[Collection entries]
■ ■ ■ ■

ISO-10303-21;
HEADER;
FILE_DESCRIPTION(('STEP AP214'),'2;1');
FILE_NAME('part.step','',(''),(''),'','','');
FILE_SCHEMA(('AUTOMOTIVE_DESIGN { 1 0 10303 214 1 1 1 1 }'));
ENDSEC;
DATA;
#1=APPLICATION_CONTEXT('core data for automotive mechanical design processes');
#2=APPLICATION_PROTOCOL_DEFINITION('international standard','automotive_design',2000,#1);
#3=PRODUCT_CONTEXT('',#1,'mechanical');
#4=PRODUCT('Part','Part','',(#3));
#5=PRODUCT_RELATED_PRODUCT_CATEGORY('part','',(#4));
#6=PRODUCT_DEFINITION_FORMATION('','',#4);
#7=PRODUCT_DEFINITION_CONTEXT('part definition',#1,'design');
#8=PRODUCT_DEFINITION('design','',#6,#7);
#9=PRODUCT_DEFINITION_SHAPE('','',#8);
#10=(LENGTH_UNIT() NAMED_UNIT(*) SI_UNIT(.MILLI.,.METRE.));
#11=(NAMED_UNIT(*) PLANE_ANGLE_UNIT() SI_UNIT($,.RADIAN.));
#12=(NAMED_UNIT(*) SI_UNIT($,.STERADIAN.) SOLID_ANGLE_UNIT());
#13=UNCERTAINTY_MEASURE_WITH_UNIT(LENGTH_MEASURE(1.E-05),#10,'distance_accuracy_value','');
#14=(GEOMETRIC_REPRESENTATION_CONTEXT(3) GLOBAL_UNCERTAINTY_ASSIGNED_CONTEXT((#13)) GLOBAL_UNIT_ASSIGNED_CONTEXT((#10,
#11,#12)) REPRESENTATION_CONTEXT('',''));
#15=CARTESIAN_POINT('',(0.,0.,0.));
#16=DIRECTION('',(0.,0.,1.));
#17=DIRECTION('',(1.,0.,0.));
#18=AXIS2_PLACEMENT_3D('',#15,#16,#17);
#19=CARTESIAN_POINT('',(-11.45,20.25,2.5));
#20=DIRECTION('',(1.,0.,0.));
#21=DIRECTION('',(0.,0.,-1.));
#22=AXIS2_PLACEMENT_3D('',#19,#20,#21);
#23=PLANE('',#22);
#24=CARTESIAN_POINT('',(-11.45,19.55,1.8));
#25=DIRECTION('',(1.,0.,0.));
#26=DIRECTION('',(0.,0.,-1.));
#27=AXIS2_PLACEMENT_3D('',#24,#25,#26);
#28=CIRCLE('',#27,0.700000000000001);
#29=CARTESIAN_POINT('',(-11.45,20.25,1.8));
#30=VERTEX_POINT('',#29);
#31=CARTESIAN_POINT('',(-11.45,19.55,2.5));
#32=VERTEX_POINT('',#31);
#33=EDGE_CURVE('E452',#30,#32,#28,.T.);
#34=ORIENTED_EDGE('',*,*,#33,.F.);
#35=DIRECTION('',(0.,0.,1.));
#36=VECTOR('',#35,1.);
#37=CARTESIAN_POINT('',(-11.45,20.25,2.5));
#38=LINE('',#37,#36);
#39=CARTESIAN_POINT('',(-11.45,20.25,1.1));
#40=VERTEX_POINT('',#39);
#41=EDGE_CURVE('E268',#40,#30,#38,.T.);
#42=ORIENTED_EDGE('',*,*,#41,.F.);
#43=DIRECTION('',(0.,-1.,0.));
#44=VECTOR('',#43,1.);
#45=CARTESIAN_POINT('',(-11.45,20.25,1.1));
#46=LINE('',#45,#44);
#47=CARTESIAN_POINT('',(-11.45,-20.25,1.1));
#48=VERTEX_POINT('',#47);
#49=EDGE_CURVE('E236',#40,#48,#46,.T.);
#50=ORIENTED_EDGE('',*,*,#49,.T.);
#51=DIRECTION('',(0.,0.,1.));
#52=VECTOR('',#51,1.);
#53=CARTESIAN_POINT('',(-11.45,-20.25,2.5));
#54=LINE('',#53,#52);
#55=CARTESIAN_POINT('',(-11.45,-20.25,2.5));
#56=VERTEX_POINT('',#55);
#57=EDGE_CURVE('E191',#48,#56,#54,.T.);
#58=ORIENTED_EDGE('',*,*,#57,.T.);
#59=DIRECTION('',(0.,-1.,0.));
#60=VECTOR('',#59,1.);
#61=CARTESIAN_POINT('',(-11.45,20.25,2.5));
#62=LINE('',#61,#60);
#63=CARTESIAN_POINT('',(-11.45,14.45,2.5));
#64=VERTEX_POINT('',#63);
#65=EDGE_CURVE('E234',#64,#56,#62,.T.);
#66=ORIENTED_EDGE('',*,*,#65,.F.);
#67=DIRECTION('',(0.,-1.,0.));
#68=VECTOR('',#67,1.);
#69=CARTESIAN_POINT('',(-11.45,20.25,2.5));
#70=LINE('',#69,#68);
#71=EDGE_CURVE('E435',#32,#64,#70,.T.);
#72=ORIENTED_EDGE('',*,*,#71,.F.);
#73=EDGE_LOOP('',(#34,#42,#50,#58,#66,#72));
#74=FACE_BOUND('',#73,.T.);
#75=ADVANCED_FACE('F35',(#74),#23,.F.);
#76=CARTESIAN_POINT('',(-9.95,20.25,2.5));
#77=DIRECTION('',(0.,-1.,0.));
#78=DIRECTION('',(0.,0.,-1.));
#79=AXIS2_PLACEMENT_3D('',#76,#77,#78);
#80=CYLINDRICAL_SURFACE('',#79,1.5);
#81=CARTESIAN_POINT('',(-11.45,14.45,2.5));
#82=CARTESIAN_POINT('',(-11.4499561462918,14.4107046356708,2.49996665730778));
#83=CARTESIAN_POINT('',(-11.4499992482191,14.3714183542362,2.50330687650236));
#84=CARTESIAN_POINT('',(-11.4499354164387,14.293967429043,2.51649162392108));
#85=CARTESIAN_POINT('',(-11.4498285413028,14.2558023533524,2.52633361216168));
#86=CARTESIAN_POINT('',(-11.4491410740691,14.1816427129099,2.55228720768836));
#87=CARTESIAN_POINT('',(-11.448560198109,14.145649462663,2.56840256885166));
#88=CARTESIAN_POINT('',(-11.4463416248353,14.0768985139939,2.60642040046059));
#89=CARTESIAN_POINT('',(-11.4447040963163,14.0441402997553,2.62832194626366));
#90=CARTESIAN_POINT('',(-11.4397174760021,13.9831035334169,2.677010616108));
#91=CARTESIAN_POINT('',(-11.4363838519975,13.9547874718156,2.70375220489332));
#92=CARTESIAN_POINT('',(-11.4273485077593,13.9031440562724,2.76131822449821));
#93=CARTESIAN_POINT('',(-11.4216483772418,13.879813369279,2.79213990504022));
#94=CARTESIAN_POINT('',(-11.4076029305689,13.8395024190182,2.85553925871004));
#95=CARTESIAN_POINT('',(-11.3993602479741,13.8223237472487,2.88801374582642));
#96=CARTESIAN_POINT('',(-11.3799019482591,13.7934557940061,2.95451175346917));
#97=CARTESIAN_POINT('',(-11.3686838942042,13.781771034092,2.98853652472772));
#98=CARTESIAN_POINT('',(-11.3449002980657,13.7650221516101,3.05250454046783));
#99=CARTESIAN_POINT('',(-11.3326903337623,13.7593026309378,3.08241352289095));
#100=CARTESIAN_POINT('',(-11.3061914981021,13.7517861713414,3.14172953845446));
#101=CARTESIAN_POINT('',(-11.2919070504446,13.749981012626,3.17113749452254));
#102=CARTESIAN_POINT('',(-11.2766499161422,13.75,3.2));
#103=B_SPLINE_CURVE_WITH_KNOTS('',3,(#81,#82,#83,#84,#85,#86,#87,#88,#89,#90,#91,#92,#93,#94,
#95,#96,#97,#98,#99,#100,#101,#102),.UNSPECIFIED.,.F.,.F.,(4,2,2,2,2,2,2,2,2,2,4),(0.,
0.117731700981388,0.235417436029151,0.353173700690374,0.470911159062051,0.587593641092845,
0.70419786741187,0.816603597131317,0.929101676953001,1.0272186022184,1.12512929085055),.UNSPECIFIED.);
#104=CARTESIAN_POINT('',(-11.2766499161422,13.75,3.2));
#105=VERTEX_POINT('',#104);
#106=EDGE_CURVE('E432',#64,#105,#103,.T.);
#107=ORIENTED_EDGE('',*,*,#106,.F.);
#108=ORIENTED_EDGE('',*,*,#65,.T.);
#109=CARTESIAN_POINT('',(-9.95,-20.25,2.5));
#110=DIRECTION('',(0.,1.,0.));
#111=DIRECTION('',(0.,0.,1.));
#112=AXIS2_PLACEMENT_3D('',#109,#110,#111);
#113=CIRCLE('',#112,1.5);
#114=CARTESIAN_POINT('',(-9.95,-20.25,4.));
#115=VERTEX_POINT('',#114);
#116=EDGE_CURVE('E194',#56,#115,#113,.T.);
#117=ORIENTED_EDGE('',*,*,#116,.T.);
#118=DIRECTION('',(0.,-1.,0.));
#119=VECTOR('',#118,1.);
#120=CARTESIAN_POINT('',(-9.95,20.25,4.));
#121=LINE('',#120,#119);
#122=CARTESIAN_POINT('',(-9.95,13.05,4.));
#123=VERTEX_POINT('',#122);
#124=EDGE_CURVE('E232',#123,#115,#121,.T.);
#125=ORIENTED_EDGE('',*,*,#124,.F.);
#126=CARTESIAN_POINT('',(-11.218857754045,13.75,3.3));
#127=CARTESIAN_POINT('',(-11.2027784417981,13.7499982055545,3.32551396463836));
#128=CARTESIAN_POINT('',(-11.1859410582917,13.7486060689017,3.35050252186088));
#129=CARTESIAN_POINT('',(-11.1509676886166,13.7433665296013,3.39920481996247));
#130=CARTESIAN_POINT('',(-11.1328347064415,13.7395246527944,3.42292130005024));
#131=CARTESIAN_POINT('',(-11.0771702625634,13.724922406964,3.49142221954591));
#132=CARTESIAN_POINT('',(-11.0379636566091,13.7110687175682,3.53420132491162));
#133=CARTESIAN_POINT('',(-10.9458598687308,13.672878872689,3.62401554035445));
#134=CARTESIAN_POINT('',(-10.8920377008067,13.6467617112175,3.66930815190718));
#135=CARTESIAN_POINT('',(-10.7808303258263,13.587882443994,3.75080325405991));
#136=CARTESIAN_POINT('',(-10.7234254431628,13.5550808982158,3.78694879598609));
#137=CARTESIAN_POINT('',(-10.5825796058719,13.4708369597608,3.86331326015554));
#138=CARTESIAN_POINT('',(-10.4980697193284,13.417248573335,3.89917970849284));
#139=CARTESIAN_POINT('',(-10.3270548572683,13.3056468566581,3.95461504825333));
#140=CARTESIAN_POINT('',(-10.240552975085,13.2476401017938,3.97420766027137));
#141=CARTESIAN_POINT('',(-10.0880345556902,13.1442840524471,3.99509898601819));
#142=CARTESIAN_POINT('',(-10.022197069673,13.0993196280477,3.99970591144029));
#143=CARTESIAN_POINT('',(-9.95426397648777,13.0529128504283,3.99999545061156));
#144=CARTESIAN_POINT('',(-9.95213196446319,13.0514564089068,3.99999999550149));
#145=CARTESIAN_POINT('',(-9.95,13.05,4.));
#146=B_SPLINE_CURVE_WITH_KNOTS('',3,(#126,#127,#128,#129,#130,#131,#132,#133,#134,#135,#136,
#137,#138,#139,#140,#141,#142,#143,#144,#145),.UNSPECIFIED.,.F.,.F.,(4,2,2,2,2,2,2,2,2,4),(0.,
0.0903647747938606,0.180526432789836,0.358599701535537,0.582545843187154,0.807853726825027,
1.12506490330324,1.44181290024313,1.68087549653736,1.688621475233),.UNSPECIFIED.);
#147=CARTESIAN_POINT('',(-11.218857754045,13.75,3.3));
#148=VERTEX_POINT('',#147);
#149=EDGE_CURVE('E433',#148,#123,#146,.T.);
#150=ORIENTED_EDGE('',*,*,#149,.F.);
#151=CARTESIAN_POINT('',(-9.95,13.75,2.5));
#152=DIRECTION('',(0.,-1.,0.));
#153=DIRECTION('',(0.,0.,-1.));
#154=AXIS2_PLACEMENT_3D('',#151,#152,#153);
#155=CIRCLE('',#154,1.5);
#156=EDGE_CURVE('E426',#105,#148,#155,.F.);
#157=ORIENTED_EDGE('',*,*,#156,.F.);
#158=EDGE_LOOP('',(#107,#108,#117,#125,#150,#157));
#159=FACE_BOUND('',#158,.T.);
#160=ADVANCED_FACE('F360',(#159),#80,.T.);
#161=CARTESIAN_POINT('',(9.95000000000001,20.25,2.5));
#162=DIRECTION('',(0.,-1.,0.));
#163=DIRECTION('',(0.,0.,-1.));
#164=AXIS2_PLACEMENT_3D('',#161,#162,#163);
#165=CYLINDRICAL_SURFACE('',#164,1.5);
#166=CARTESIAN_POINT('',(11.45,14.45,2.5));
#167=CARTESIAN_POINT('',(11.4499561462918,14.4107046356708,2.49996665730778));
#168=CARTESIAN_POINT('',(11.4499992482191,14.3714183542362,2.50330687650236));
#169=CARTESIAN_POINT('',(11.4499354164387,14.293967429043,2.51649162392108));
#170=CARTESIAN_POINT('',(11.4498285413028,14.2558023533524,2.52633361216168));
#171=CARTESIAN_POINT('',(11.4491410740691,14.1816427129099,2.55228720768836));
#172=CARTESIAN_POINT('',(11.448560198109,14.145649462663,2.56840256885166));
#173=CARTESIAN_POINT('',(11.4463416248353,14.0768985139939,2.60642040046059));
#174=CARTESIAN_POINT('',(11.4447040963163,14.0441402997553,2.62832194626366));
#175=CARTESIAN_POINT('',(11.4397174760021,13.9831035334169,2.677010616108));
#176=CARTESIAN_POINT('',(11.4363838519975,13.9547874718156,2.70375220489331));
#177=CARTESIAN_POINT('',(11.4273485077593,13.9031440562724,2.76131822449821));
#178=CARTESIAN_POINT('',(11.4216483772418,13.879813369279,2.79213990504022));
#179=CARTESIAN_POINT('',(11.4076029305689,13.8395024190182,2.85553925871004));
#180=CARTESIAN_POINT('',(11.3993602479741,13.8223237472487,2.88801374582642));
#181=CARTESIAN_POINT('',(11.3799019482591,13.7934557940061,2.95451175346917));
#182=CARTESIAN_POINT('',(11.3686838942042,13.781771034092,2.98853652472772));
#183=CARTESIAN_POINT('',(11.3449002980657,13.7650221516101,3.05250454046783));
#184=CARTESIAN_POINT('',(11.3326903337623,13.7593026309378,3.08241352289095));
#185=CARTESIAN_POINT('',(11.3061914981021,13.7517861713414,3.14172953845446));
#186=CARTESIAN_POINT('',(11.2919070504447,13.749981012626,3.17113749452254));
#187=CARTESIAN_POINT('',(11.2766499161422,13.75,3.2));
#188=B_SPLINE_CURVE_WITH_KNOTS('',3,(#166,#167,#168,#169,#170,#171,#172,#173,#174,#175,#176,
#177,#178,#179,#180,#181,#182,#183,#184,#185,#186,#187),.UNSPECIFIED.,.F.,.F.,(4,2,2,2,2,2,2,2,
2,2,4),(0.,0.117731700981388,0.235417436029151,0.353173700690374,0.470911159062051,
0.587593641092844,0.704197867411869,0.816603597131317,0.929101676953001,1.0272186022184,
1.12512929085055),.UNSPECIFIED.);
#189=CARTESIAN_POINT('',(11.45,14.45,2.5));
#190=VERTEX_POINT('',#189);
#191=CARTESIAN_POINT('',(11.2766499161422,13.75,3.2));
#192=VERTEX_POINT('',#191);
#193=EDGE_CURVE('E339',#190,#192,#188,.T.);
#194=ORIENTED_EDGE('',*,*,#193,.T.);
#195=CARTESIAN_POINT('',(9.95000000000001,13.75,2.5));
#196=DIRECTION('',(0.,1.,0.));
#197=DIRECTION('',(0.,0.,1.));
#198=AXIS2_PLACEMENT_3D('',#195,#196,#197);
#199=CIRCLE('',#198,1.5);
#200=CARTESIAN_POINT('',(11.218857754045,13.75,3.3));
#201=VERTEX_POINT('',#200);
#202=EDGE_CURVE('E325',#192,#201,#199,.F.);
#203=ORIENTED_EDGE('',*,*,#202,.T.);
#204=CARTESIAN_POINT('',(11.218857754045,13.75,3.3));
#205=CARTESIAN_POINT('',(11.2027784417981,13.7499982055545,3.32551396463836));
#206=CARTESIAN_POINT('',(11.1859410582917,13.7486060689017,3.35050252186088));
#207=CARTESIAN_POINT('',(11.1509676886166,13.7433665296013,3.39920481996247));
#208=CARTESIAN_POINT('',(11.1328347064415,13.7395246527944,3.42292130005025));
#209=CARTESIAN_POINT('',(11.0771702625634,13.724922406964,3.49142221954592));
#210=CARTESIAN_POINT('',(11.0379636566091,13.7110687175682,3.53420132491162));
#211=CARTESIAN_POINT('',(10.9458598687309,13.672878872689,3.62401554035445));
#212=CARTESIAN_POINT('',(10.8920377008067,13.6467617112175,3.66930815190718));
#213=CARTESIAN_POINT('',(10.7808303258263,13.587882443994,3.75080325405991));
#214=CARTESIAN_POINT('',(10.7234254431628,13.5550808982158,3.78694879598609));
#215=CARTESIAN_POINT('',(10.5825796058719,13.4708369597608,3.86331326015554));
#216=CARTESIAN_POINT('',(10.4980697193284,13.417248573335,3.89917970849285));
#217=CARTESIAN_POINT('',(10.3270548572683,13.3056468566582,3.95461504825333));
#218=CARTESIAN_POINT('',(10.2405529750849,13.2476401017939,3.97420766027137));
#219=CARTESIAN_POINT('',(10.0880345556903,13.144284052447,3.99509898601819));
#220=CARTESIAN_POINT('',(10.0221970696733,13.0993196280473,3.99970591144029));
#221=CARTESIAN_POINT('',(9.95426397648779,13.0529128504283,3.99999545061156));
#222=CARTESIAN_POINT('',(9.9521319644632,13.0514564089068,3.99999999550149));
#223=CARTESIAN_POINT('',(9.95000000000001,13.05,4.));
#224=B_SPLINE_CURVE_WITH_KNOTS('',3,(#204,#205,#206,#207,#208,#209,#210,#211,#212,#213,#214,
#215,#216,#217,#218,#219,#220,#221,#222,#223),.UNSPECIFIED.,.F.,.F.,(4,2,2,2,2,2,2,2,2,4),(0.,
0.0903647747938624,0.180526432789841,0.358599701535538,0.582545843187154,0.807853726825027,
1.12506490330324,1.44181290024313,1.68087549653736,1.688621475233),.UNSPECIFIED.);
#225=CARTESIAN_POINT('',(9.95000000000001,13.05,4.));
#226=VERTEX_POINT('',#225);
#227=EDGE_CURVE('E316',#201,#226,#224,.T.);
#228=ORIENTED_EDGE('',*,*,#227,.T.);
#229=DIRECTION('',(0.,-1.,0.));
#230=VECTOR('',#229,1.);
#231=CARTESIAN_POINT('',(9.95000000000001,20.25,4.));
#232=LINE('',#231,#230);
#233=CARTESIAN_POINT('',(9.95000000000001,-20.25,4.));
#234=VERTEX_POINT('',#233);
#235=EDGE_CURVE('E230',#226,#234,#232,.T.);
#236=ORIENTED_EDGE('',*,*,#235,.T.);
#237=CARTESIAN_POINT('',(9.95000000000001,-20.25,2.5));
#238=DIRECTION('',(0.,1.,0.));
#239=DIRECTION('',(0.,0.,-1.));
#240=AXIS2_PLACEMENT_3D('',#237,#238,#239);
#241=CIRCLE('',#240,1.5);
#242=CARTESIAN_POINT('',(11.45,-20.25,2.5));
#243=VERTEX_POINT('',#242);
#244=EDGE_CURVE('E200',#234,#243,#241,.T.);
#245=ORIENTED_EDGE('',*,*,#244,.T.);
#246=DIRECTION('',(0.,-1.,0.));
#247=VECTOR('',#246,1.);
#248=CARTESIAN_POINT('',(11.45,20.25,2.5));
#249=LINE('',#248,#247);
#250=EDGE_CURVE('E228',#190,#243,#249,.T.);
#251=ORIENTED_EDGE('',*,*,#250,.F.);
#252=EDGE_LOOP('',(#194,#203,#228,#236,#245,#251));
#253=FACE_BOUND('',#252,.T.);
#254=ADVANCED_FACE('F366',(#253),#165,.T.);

■ ■ ■ ■

**EXERCISE INSTRUCTIONS**
An exact copy of the data is needed, running from its first line through the line that holds "#8=PRODUCT_DEFINITION('design','',#6,#7);", and nothing beyond that.

**RESPONSE**
ISO-10303-21;
HEADER;
FILE_DESCRIPTION(('STEP AP214'),'2;1');
FILE_NAME('part.step','',(''),(''),'','','');
FILE_SCHEMA(('AUTOMOTIVE_DESIGN { 1 0 10303 214 1 1 1 1 }'));
ENDSEC;
DATA;
#1=APPLICATION_CONTEXT('core data for automotive mechanical design processes');
#2=APPLICATION_PROTOCOL_DEFINITION('international standard','automotive_design',2000,#1);
#3=PRODUCT_CONTEXT('',#1,'mechanical');
#4=PRODUCT('Part','Part','',(#3));
#5=PRODUCT_RELATED_PRODUCT_CATEGORY('part','',(#4));
#6=PRODUCT_DEFINITION_FORMATION('','',#4);
#7=PRODUCT_DEFINITION_CONTEXT('part definition',#1,'design');
#8=PRODUCT_DEFINITION('design','',#6,#7);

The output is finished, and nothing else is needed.